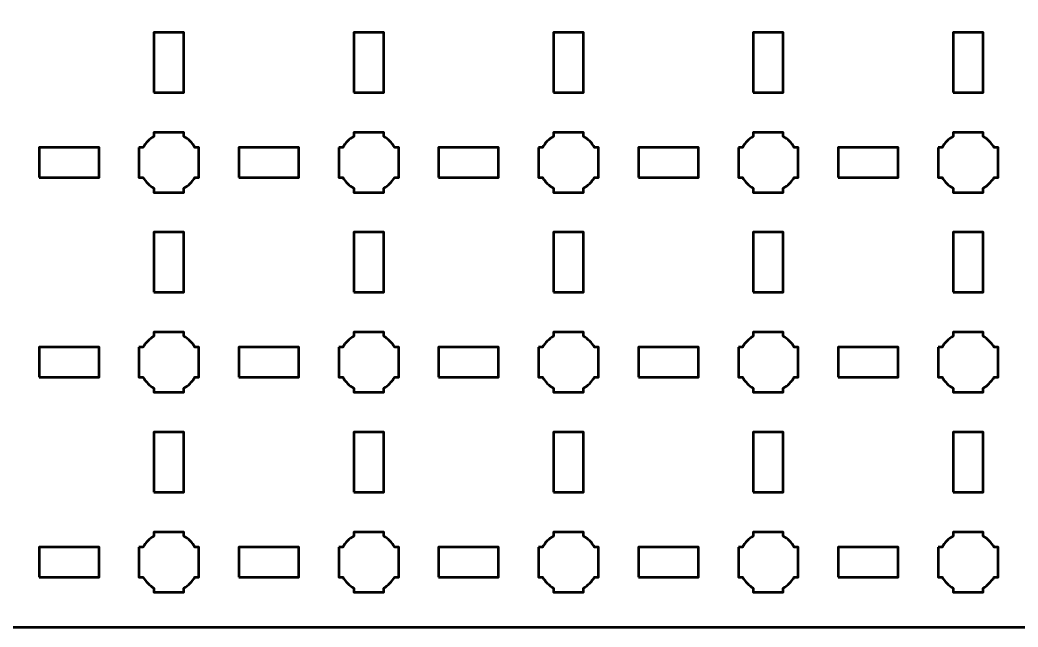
# Model space of a CAD drawing. Header units: centimetres. Extents: x -30.1 to 9.2, y -39.5 to 9.8.
# Drawn here: x -20.99 to -11, y -39.5 to -33.42 of the extents above; entities that cross this region are included whole.
import ezdxf

# ---------------------------------------------------------------- set-up
doc = ezdxf.new("R2010")
doc.units = ezdxf.units.CM
doc.header["$MEASUREMENT"] = 0
doc.layers.add('Layer 1', color=7, linetype='Continuous')

msp = doc.modelspace()

# ---------------------------------------------------------------- linework, layer by layer
at = {"layer": 'Layer 1', "lineweight": 53}
for points in [[(-19.65, -34.15), (-19.35, -34.15), (-19.35, -33.55), (-19.65, -33.55), (-19.65, -34.15)], [(-17.65, -34.15), (-17.35, -34.15), (-17.35, -33.55), (-17.65, -33.55), (-17.65, -34.15)], [(-15.65, -34.15), (-15.35, -34.15), (-15.35, -33.55), (-15.65, -33.55), (-15.65, -34.15)], [(-13.65, -34.15), (-13.35, -34.15), (-13.35, -33.55), (-13.65, -33.55), (-13.65, -34.15)], [(-11.65, -34.15), (-11.35, -34.15), (-11.35, -33.55), (-11.65, -33.55), (-11.65, -34.15)], [(-20.8, -35), (-20.2, -35), (-20.2, -34.7), (-20.8, -34.7), (-20.8, -35)], [(-18.8, -35), (-18.2, -35), (-18.2, -34.7), (-18.8, -34.7), (-18.8, -35)], [(-16.8, -35), (-16.2, -35), (-16.2, -34.7), (-16.8, -34.7), (-16.8, -35)], [(-14.8, -35), (-14.2, -35), (-14.2, -34.7), (-14.8, -34.7), (-14.8, -35)], [(-12.8, -35), (-12.2, -35), (-12.2, -34.7), (-12.8, -34.7), (-12.8, -35)], [(-19.65, -36.15), (-19.35, -36.15), (-19.35, -35.55), (-19.65, -35.55), (-19.65, -36.15)], [(-17.65, -36.15), (-17.35, -36.15), (-17.35, -35.55), (-17.65, -35.55), (-17.65, -36.15)], [(-15.65, -36.15), (-15.35, -36.15), (-15.35, -35.55), (-15.65, -35.55), (-15.65, -36.15)], [(-13.65, -36.15), (-13.35, -36.15), (-13.35, -35.55), (-13.65, -35.55), (-13.65, -36.15)], [(-11.65, -36.15), (-11.35, -36.15), (-11.35, -35.55), (-11.65, -35.55), (-11.65, -36.15)], [(-20.8, -37), (-20.2, -37), (-20.2, -36.7), (-20.8, -36.7), (-20.8, -37)], [(-18.8, -37), (-18.2, -37), (-18.2, -36.7), (-18.8, -36.7), (-18.8, -37)], [(-16.8, -37), (-16.2, -37), (-16.2, -36.7), (-16.8, -36.7), (-16.8, -37)], [(-14.8, -37), (-14.2, -37), (-14.2, -36.7), (-14.8, -36.7), (-14.8, -37)], [(-12.8, -37), (-12.2, -37), (-12.2, -36.7), (-12.8, -36.7), (-12.8, -37)], [(-19.65, -38.15), (-19.35, -38.15), (-19.35, -37.55), (-19.65, -37.55), (-19.65, -38.15)], [(-17.65, -38.15), (-17.35, -38.15), (-17.35, -37.55), (-17.65, -37.55), (-17.65, -38.15)], [(-15.65, -38.15), (-15.35, -38.15), (-15.35, -37.55), (-15.65, -37.55), (-15.65, -38.15)], [(-13.65, -38.15), (-13.35, -38.15), (-13.35, -37.55), (-13.65, -37.55), (-13.65, -38.15)], [(-11.65, -38.15), (-11.35, -38.15), (-11.35, -37.55), (-11.65, -37.55), (-11.65, -38.15)], [(-20.8, -39), (-20.2, -39), (-20.2, -38.7), (-20.8, -38.7), (-20.8, -39)], [(-18.8, -39), (-18.2, -39), (-18.2, -38.7), (-18.8, -38.7), (-18.8, -39)], [(-16.8, -39), (-16.2, -39), (-16.2, -38.7), (-16.8, -38.7), (-16.8, -39)], [(-14.8, -39), (-14.2, -39), (-14.2, -38.7), (-14.8, -38.7), (-14.8, -39)], [(-12.8, -39), (-12.2, -39), (-12.2, -38.7), (-12.8, -38.7), (-12.8, -39)]]:
    msp.add_lwpolyline(points, close=True, dxfattribs=at)
for points, knots in [([(-30.15, -39), (-30.15, -39), (-30.15, 9.3), (-30.15, 9.3), (-30.15, 9.3), (-30.15, 9.57609), (-29.92609, 9.8), (-29.65, 9.8), (-29.65, 9.8), (-29.65, 9.8), (8.65, 9.8), (8.65, 9.8), (8.65, 9.8), (8.92609, 9.8), (9.15, 9.57609), (9.15, 9.3), (9.15, 9.3), (9.15, 9.3), (9.15, -39), (9.15, -39), (9.15, -39), (9.15, -39.27609), (8.92609, -39.5), (8.65, -39.5), (8.65, -39.5), (8.65, -39.5), (-29.65, -39.5), (-29.65, -39.5), (-29.65, -39.5), (-29.92609, -39.5), (-30.15, -39.27609), (-30.15, -39)], [0, 0, 0, 0, 0.125, 0.125, 0.125, 0.125, 0.25, 0.25, 0.25, 0.25, 0.375, 0.375, 0.375, 0.375, 0.5, 0.5, 0.5, 0.5, 0.625, 0.625, 0.625, 0.625, 0.75, 0.75, 0.75, 0.75, 0.875, 0.875, 0.875, 0.875, 1, 1, 1, 1]), ([(-19.8, -34.7), (-19.8, -34.7), (-19.75985, -34.7), (-19.75985, -34.7), (-19.75985, -34.7), (-19.7335, -34.65447), (-19.69553, -34.6165), (-19.65, -34.59015), (-19.65, -34.59015), (-19.65, -34.59015), (-19.65, -34.55), (-19.65, -34.55), (-19.65, -34.55), (-19.65, -34.55), (-19.5, -34.55), (-19.5, -34.55), (-19.5, -34.55), (-19.5, -34.55), (-19.35, -34.55), (-19.35, -34.55), (-19.35, -34.55), (-19.35, -34.55), (-19.35, -34.59015), (-19.35, -34.59015), (-19.35, -34.59015), (-19.30447, -34.6165), (-19.2665, -34.65447), (-19.24015, -34.7), (-19.24015, -34.7), (-19.24015, -34.7), (-19.2, -34.7), (-19.2, -34.7), (-19.2, -34.7), (-19.2, -34.7), (-19.2, -34.85), (-19.2, -34.85), (-19.2, -34.85), (-19.2, -34.85), (-19.2, -35), (-19.2, -35), (-19.2, -35), (-19.2, -35), (-19.24015, -35), (-19.24015, -35), (-19.24015, -35), (-19.2665, -35.04553), (-19.30447, -35.0835), (-19.35, -35.10985), (-19.35, -35.10985), (-19.35, -35.10985), (-19.35, -35.15), (-19.35, -35.15), (-19.35, -35.15), (-19.35, -35.15), (-19.5, -35.15), (-19.5, -35.15), (-19.5, -35.15), (-19.5, -35.15), (-19.65, -35.15), (-19.65, -35.15), (-19.65, -35.15), (-19.65, -35.15), (-19.65, -35.10985), (-19.65, -35.10985), (-19.65, -35.10985), (-19.69553, -35.0835), (-19.7335, -35.04553), (-19.75985, -35), (-19.75985, -35), (-19.75985, -35), (-19.8, -35), (-19.8, -35), (-19.8, -35), (-19.8, -35), (-19.8, -34.85), (-19.8, -34.85), (-19.8, -34.85), (-19.8, -34.85), (-19.8, -34.7), (-19.8, -34.7)], [0, 0, 0, 0, 0.05, 0.05, 0.05, 0.05, 0.1, 0.1, 0.1, 0.1, 0.15, 0.15, 0.15, 0.15, 0.2, 0.2, 0.2, 0.2, 0.25, 0.25, 0.25, 0.25, 0.3, 0.3, 0.3, 0.3, 0.35, 0.35, 0.35, 0.35, 0.4, 0.4, 0.4, 0.4, 0.45, 0.45, 0.45, 0.45, 0.5, 0.5, 0.5, 0.5, 0.55, 0.55, 0.55, 0.55, 0.6, 0.6, 0.6, 0.6, 0.65, 0.65, 0.65, 0.65, 0.7, 0.7, 0.7, 0.7, 0.75, 0.75, 0.75, 0.75, 0.8, 0.8, 0.8, 0.8, 0.85, 0.85, 0.85, 0.85, 0.9, 0.9, 0.9, 0.9, 0.95, 0.95, 0.95, 0.95, 1, 1, 1, 1]), ([(-17.8, -34.7), (-17.8, -34.7), (-17.75985, -34.7), (-17.75985, -34.7), (-17.75985, -34.7), (-17.7335, -34.65447), (-17.69553, -34.6165), (-17.65, -34.59015), (-17.65, -34.59015), (-17.65, -34.59015), (-17.65, -34.55), (-17.65, -34.55), (-17.65, -34.55), (-17.65, -34.55), (-17.5, -34.55), (-17.5, -34.55), (-17.5, -34.55), (-17.5, -34.55), (-17.35, -34.55), (-17.35, -34.55), (-17.35, -34.55), (-17.35, -34.55), (-17.35, -34.59015), (-17.35, -34.59015), (-17.35, -34.59015), (-17.30447, -34.6165), (-17.2665, -34.65447), (-17.24015, -34.7), (-17.24015, -34.7), (-17.24015, -34.7), (-17.2, -34.7), (-17.2, -34.7), (-17.2, -34.7), (-17.2, -34.7), (-17.2, -34.85), (-17.2, -34.85), (-17.2, -34.85), (-17.2, -34.85), (-17.2, -35), (-17.2, -35), (-17.2, -35), (-17.2, -35), (-17.24015, -35), (-17.24015, -35), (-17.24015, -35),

- ASSIGNMENT
Please copy every line from the entries that includes the word "units".

- ANSWER TO THE PROBLEM
# Model space of a CAD drawing. Header units: centimetres. Extents: x -30.1 to 9.2, y -39.5 to 9.8.
doc.units = ezdxf.units.CM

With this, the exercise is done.